Вася испуганно посмотрел на него, а затем перевёл взгляд на чистое, свободное поле. В небе резвились маленькие певчие птички, вдали проплывали лёгкие облака, а к горизонту простирался цветочный луг, гудящий от монотонной работы пчёл и шмелей. Прежде Вася видел всё это лишь в проецируемой реальности, и голос за кадром рассказывал, что когда-то жизнь на Земле была именно такой. Теперь же о ней остались лишь воспоминания и старые видеозаписи. Голос уверенно напоминал о том, что в техногороде отказались от избыточного потребления, подчинили свою жизнь протоколам и сберегли таким образом те немногие места, где ещё можно увидеть море, горы и леса. Однако все животные там были результатом виртуальных проекций. Потому что предыдущие поколения уничтожили их. Так стоит ли поддерживать родственные связи с теми, кто лишь потребляет и уничтожает всё вокруг? Такова была логика современных техногородов, которые управляли жизнью на Земле. Однако Вася ощущал в ней какую-то необъяснимую фальшь. Каким образом разлука с родителями в юном возрасте и учёба в дистант-школе могли помочь ему стать более разумным и сберегающим по отношению к окружающей среде? Как люди, отрезанные от своих предков, могли построить что-то новое, не зная своих корней и не имея никакой опоры в жизни? По сути, они потребляли ещё больше предыдущих поколений: в этом были их смысл и утешение.

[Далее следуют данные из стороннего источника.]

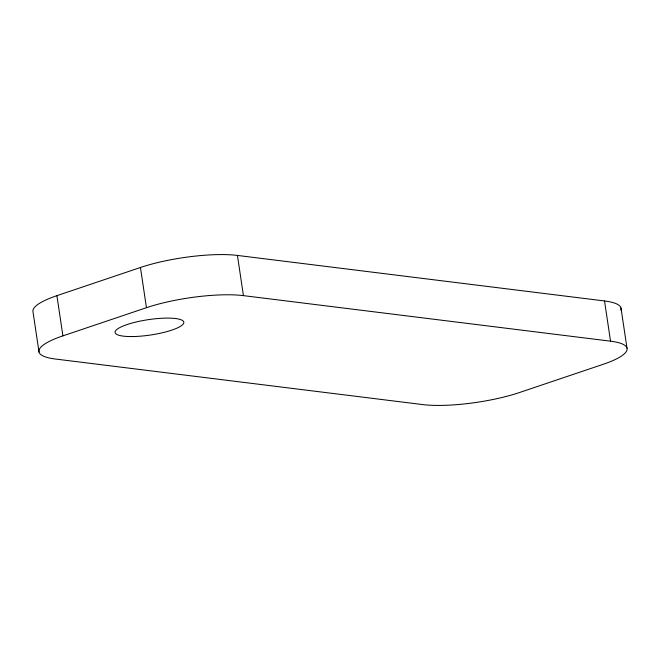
<?xml version="1.0" encoding="UTF-8"?>
<svg xmlns="http://www.w3.org/2000/svg" width="660" height="660" viewBox="0 0 660 660"><rect width="100%" height="100%" fill="white"/><g stroke="black" fill="none" stroke-linecap="round" stroke-linejoin="round"><path stroke-width="0.99" d="M39.006 352.011L33 311.809A69.506 15.518 -8.5 0 1 56.909 295.663L140.448 267.49A69.506 15.518 -8.5 0 1 237.427 255.428L604.527 300.968A69.506 15.518 -8.5 0 1 620.895 310.051M62.915 335.866L146.454 307.692A69.506 15.518 -8.5 0 1 243.433 295.63L610.533 341.171A69.506 15.518 -8.5 0 1 603.091 364.337L519.552 392.51A69.506 15.518 -8.5 0 1 422.573 404.572L55.473 359.032A69.506 15.518 -8.5 0 1 62.915 335.866L56.909 295.663M620.994 307.989L627 348.191M604.527 300.968L610.533 341.171M237.427 255.428L243.433 295.63M140.448 267.49L146.454 307.692M132.19 336.559A34.749 7.755 -8.5 0 0 183.843 322.476A34.749 7.755 -8.5 0 0 132.33 322.963A34.749 7.755 -8.5 0 0 132.19 336.559"/></g></svg>

Здесь же, на селе, за пределами техногорода природа опровергала все искусственно насаждённые догмы просто самим фактом своего существования. Птицы пели и садились на ветви совсем близко от людей, с любопытством склоняя свои маленькие головки к тому, что видели. От живых летящих, гудящих насекомых воздух казался густым и насыщенным. Словно разум планеты, взывал он к своим гостям и демонстрировал жизнь деятельную и настоящую. Домашние козы подошли к Васе и Гене и принялись облизывать их руки и мягко тереться о них, выпрашивая угощение. Гена улыбнулся и сунул им заранее заготовленные морковки. Козы радостно заблеяли и немедленно поглотили предложенное, помахивая своими весёлыми хвостиками. Вася погладил их, ощущая ладонью тёплую, жёсткую шерсть и движение мышц под кожей. Они были реальными, живыми, и в них было больше настоящего, чем во всём техногороде. Вася поднял глаза на Гену и уверенно произнёс:

– Знаешь, Ген. Вообще-то мы с Галей ещё вчера задумались о том, где нам лучше. И подумали, что здесь. Но так страшно переворачивать жизнь с ног на голову и шагать в полную неизвестность! Галочка найдёт себе здесь применение, а я? Чем я могу быть полезен тут?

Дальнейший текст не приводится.